The simpler special case for uncorrelated observations is handled in iminuit.cost.LeastSquares, but for the general case there is no ready-made cost function yet, so we write it here.

[13]:
# construct covariance matrices
cov_sta = np.diag(np.square(error_sta))
cov_sys = np.diag(np.square(error_sys))
cov_sys[0, 1] = error_sys[0] * error_sys[1] * correlation_sys
cov_sys[1, 0] = cov_sys[0, 1]

# total covariance is sum of individual contributions
cov = cov_sta + cov_sys
inv_cov = np.linalg.inv(cov)

def model(x, z):
    """Return combined value based on input x and mixing parameter z."""
    return z * x[1] + (1 - z) * x[0]

def cost(z):
    """Chi-square distributed cost function."""
    xp = model(value, z)
    delta = value - xp
    return np.einsum("i,j,ij", delta, delta, inv_cov)

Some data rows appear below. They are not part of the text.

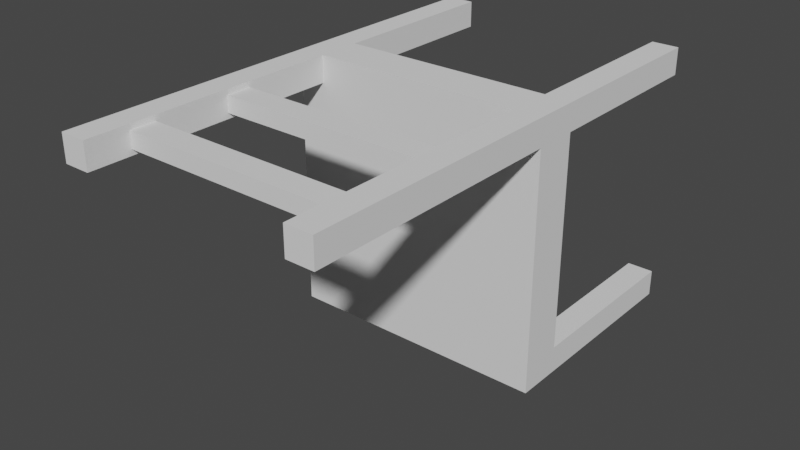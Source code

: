 # Source: chair2.blend  (saved by Blender 2.81.16; exported with 4.5.12 LTS)
import bpy
from mathutils import Matrix  # noqa: F401  (used for matrix-valued properties, if any)

bpy.ops.wm.read_factory_settings(use_empty=True)
scene = bpy.context.scene
scene.name = 'Scene'

# ---- collections
col_collection = bpy.data.collections.new('Collection'); scene.collection.children.link(col_collection)

# ---- world
world_world = bpy.data.worlds.new('World'); scene.world = world_world
world_world.use_nodes = True; world_world.node_tree.nodes.clear()
_N = world_world.node_tree.nodes; _L = world_world.node_tree.links
n0 = _N.new('ShaderNodeOutputWorld'); n0.name = 'World Output'; n0.location = (300, 300)
n1 = _N.new('ShaderNodeBackground'); n1.name = 'Background'; n1.location = (10, 300)
n1.inputs[0].default_value = (0.05088, 0.05088, 0.05088, 1.0)
_L.new(n1.outputs[0], n0.inputs[0])
n0.is_active_output = True
world_world.color = (0.05088, 0.05088, 0.05088)
world_world.use_sun_shadow = False
world_world.sun_shadow_jitter_overblur = 0.0

# ---- meshes
me_cube = bpy.data.meshes.new('Cube')
me_cube.from_pydata([(-1.0, -1.0, -1.0), (-1.0, -1.0, 1.0), (-1.0, 1.0, -1.0), (-1.0, 1.0, 1.0), (1.0, -1.0, -1.0), (1.0, -1.0, 1.0), (1.0, 1.0, -1.0), (1.0, 1.0, 1.0), (-0.7984, 1.0, -9.388), (-0.7984, 0.7984, -9.388), (-0.7984, 1.0, -1.0), (-0.7984, 0.7984, -1.0), (-1.0, 1.0, -9.388), (-1.0, 0.7984, -9.388), (-1.0, 1.0, -1.0), (-1.0, 0.7984, -1.0), (1.0, 1.0, -9.388), (1.0, 0.7984, -9.388), (1.0, 1.0, -1.0), (1.0, 0.7984, -1.0), (0.7984, 1.0, -9.388), (0.7984, 0.7984, -9.388), (0.7984, 1.0, -1.0), (0.7984, 0.7984, -1.0), (1.0, -0.7984, -9.388), (1.0, -1.0, -9.388), (1.0, -0.7984, -1.0), (1.0, -1.0, -1.0), (0.7984, -0.7984, -9.388), (0.7984, -1.0, -9.388), (0.7984, -0.7984, -1.0), (0.7984, -1.0, -1.0), (-0.7984, -0.7984, -9.388), (-0.7984, -1.0, -9.388), (-0.7984, -0.7984, -1.0), (-0.7984, -1.0, -1.0), (-1.0, -0.7984, -9.388), (-1.0, -1.0, -9.388), (-1.0, -0.7984, -1.0), (-1.0, -1.0, -1.0), (-0.7984, -1.0, 12.92), (-0.7984, -0.7984, 12.92), (-0.7984, -1.0, 1.0), (-0.7984, -0.7984, 1.0), (-1.0, -1.0, 12.92), (-1.0, -0.7984, 12.92), (-1.0, -1.0, 1.0), (-1.0, -0.7984, 1.0), (-0.7984, 0.7984, 12.92), (-0.7984, 1.0, 12.92), (-0.7984, 0.7984, 1.0), (-0.7984, 1.0, 1.0), (-1.0, 0.7984, 12.92), (-1.0, 1.0, 12.92), (-1.0, 0.7984, 1.0), (-1.0, 1.0, 1.0), (-0.9597, 0.7984, 9.797), (-0.9597, 0.7984, 10.96), (-0.9597, -0.7984, 9.797), (-0.9597, -0.7984, 10.96), (-0.8387, 0.7984, 9.797), (-0.8387, 0.7984, 10.96), (-0.8387, -0.7984, 9.797), (-0.8387, -0.7984, 10.96), (-0.9597, 0.7984, 5.169), (-0.9597, 0.7984, 6.334), (-0.9597, -0.7984, 5.169), (-0.9597, -0.7984, 6.334), (-0.8387, 0.7984, 5.169), (-0.8387, 0.7984, 6.334), (-0.8387, -0.7984, 5.169), (-0.8387, -0.7984, 6.334)], [], [(0, 1, 3, 2), (2, 3, 7, 6), (6, 7, 5, 4), (4, 5, 1, 0), (2, 6, 4, 0), (7, 3, 1, 5), (8, 9, 11, 10), (16, 17, 19, 18), (14, 15, 13, 12), (12, 13, 9, 8), (10, 14, 12, 8), (15, 11, 9, 13), (22, 23, 21, 20), (20, 21, 17, 16), (18, 22, 20, 16), (23, 19, 17, 21), (24, 25, 27, 26), (30, 31, 29, 28), (28, 29, 25, 24), (26, 30, 28, 24), (31, 27, 25, 29), (32, 33, 35, 34), (38, 39, 37, 36), (36, 37, 33, 32), (34, 38, 36, 32), (39, 35, 33, 37), (40, 41, 43, 42), (46, 47, 45, 44), (44, 45, 41, 40), (42, 46, 44, 40), (47, 43, 41, 45), (48, 49, 51, 50), (54, 55, 53, 52), (52, 53, 49, 48), (50, 54, 52, 48), (55, 51, 49, 53), (56, 57, 59, 58), (62, 63, 61, 60), (58, 62, 60, 56), (63, 59, 57, 61), (64, 65, 67, 66), (70, 71, 69, 68), (66, 70, 68, 64), (71, 67, 65, 69)])
_uv = me_cube.uv_layers.new(name='UVMap')
_uv.uv.foreach_set('vector', [0.375, 0.0, 0.625, 0.0, 0.625, 0.25, 0.375, 0.25, 0.375, 0.25, 0.625, 0.25, 0.625, 0.5, 0.375, 0.5, 0.375, 0.5, 0.625, 0.5, 0.625, 0.75, 0.375, 0.75, 0.375, 0.75, 0.625, 0.75, 0.625, 1.0, 0.375, 1.0, 0.125, 0.5, 0.375, 0.5, 0.375, 0.75, 0.125, 0.75, 0.625, 0.5, 0.875, 0.5, 0.875, 0.75, 0.625, 0.75, 0.375, 0.0, 0.625, 0.0, 0.625, 0.25, 0.375, 0.25, 0.375, 0.0, 0.625, 0.0, 0.625, 0.25, 0.375, 0.25, 0.375, 0.5, 0.625, 0.5, 0.625, 0.75, 0.375, 0.75, 0.375, 0.75, 0.625, 0.75, 0.625, 1.0, 0.375, 1.0, 0.125, 0.5, 0.375, 0.5, 0.375, 0.75, 0.125, 0.75, 0.625, 0.5, 0.875, 0.5, 0.875, 0.75, 0.625, 0.75, 0.375, 0.5, 0.625, 0.5, 0.625, 0.75, 0.375, 0.75, 0.375, 0.75, 0.625, 0.75, 0.625, 1.0, 0.375, 1.0, 0.125, 0.5, 0.375, 0.5, 0.375, 0.75, 0.125, 0.75, 0.625, 0.5, 0.875, 0.5, 0.875, 0.75, 0.625, 0.75, 0.375, 0.0, 0.625, 0.0, 0.625, 0.25, 0.375, 0.25, 0.375, 0.5, 0.625, 0.5, 0.625, 0.75, 0.375, 0.75, 0.375, 0.75, 0.625, 0.75, 0.625, 1.0, 0.375, 1.0, 0.125, 0.5, 0.375, 0.5, 0.375, 0.75, 0.125, 0.75, 0.625, 0.5, 0.875, 0.5, 0.875, 0.75, 0.625, 0.75, 0.375, 0.0, 0.625, 0.0, 0.625, 0.25, 0.375, 0.25, 0.375, 0.5, 0.625, 0.5, 0.625, 0.75, 0.375, 0.75, 0.375, 0.75, 0.625, 0.75, 0.625, 1.0, 0.375, 1.0, 0.125, 0.5, 0.375, 0.5, 0.375, 0.75, 0.125, 0.75, 0.625, 0.5, 0.875, 0.5, 0.875, 0.75, 0.625, 0.75, 0.375, 0.0, 0.625, 0.0, 0.625, 0.25, 0.375, 0.25, 0.375, 0.5, 0.625, 0.5, 0.625, 0.75, 0.375, 0.75, 0.375, 0.75, 0.625, 0.75, 0.625, 1.0, 0.375, 1.0, 0.125, 0.5, 0.375, 0.5, 0.375, 0.75, 0.125, 0.75, 0.625, 0.5, 0.875, 0.5, 0.875, 0.75, 0.625, 0.75, 0.375, 0.0, 0.625, 0.0, 0.625, 0.25, 0.375, 0.25, 0.375, 0.5, 0.625, 0.5, 0.625, 0.75, 0.375, 0.75, 0.375, 0.75, 0.625, 0.75, 0.625, 1.0, 0.375, 1.0, 0.125, 0.5, 0.375, 0.5, 0.375, 0.75, 0.125, 0.75, 0.625, 0.5, 0.875, 0.5, 0.875, 0.75, 0.625, 0.75, 0.375, 0.0, 0.625, 0.0, 0.625, 0.25, 0.375, 0.25, 0.375, 0.5, 0.625, 0.5, 0.625, 0.75, 0.375, 0.75, 0.125, 0.5, 0.375, 0.5, 0.375, 0.75, 0.125, 0.75, 0.625, 0.5, 0.875, 0.5, 0.875, 0.75, 0.625, 0.75, 0.375, 0.0, 0.625, 0.0, 0.625, 0.25, 0.375, 0.25, 0.375, 0.5, 0.625, 0.5, 0.625, 0.75, 0.375, 0.75, 0.125, 0.5, 0.375, 0.5, 0.375, 0.75, 0.125, 0.75, 0.625, 0.5, 0.875, 0.5, 0.875, 0.75, 0.625, 0.75])
me_cube.use_remesh_fix_poles = True
me_cube.use_remesh_preserve_attributes = False
me_cube.use_mirror_vertex_groups = False
me_cube.update()

# ---- objects
ob_cube = bpy.data.objects.new('Cube', me_cube)

# ---- transforms, parenting, visibility, modifiers, constraints
ob_cube.location = (0.0, 0.0, 0.0)
ob_cube.rotation_euler = (1.571, 1.571, 0.0)
ob_cube.scale = (1.0, 1.0, 0.1651)
ob_cube.lineart.crease_threshold = 0.0
_vg = ob_cube.vertex_groups.new(name='Group')

# ---- collection membership
col_collection.objects.link(ob_cube)

# ---- scene / render settings (as saved in the file)
scene.frame_start = 1; scene.frame_end = 250; scene.frame_set(1)
scene.render.engine = 'BLENDER_EEVEE_NEXT'
scene.cycles.use_denoising = False
scene.cycles.samples = 128
scene.cycles.sampling_pattern = 'TABULATED_SOBOL'
scene.cycles.use_adaptive_sampling = False
scene.cycles.use_light_tree = False
scene.view_settings.view_transform = 'Filmic'
bpy.context.view_layer.update()

# ---- added for rendering (the .blend has no active camera and no usable light): camera, sun
cam_auto = bpy.data.cameras.new('AutoCamera')
cam_auto.lens = 50.0
cam_auto.sensor_width = 36.0
cam_auto.clip_end = 1000.0
ob_auto_camera = bpy.data.objects.new('AutoCamera', cam_auto)
scene.collection.objects.link(ob_auto_camera)
ob_auto_camera.location = (4.29662, -5.44755, 3.43729)
ob_auto_camera.rotation_euler = (1.09748, -7.21219e-08, 0.694738)
scene.camera = ob_auto_camera
light_auto_sun = bpy.data.lights.new('AutoSun', 'SUN')
light_auto_sun.energy = 3.0
light_auto_sun.angle = 0.0523599
ob_auto_sun = bpy.data.objects.new('AutoSun', light_auto_sun)
scene.collection.objects.link(ob_auto_sun)
ob_auto_sun.rotation_euler = (0.872665, 0.174533, 0.523599)
bpy.context.view_layer.update()

# with this extra information, iminuit will also print the chi2/ndof gof statistic
cost.errordef = Minuit.LEAST_SQUARES
cost.ndata = len(value)

m = Minuit(cost, 0.5)
m.limits["z"] = (0, 1)
m.migrad()
[13]:
Migrad
FCN = 0.4737 (χ²/ndof = 0.5) Nfcn = 13
EDM = 1.46e-07 (Goal: 0.0002)
Valid Minimum Below EDM threshold (goal x 10)
No parameters at limit Below call limit
Hesse ok Covariance accurate
Name Value Hesse Error Minos Error- Minos Error+ Limit- Limit+ Fixed
0 z 0.4 0.7 0 1
z
z 0.737

Our fit gives more weight to the more accurate measurement, as expected. In order to find the statistical and systematic uncertainty of the combined result, we do error propagation. We compute the trivial Jacobian for our model analytically.

[14]:
z = m.values[0]
jac = np.array([z, (1-z)])
total = model(value, z)
total_err_sta = np.einsum("i,j,ij", jac, jac, cov_sta) ** 0.5
total_err_sys = np.einsum("i,j,ij", jac, jac, cov_sys) ** 0.5

print(f"total = {total:.2f} +/- {total_err_sta:.2f}(sta) + {total_err_sys:.2f}(sys)")

plt.errorbar(("result 1", "result 2", "combined"), value + [total], error_sta + [total_err_sta], fmt="o")
plt.errorbar(("result 1", "result 2", "combined"), value + [total], error_sys + [total_err_sys], lw=3, fmt="none")
plt.xlim(-1, 3);
total = 1.33 +/- 0.21(sta) + 0.16(sys)
../_images/notebooks_correlated_data_7_1.png

Note how the systematic uncertainty gets barely reduced by the combination, a consequence of the strong correlation. Try running this example with zero correlation to see how the uncertainty becomes smaller.

Further reading

Schmelling (2000) argues that a combination may ignore data correlations if they are not well-known, because a result of a combination that ignores correlations is still unbiased, it merely does not have minimum possible variance. Depending on the situation, this may be preferable over the result shown here which takes the correlation into account, since one then has to propagate the uncertainty of correlation into the combined result.

Cowan (2018) demonstrates that it is techniqually feasible and beneficial to include uncertainties on uncertainties explicitly in the likelihood when combining measurements.

Barlow (2022) discusses two commonly used techniques to combine measurements with correlated systematic uncertainties, and shows under which conditions they are equivalent.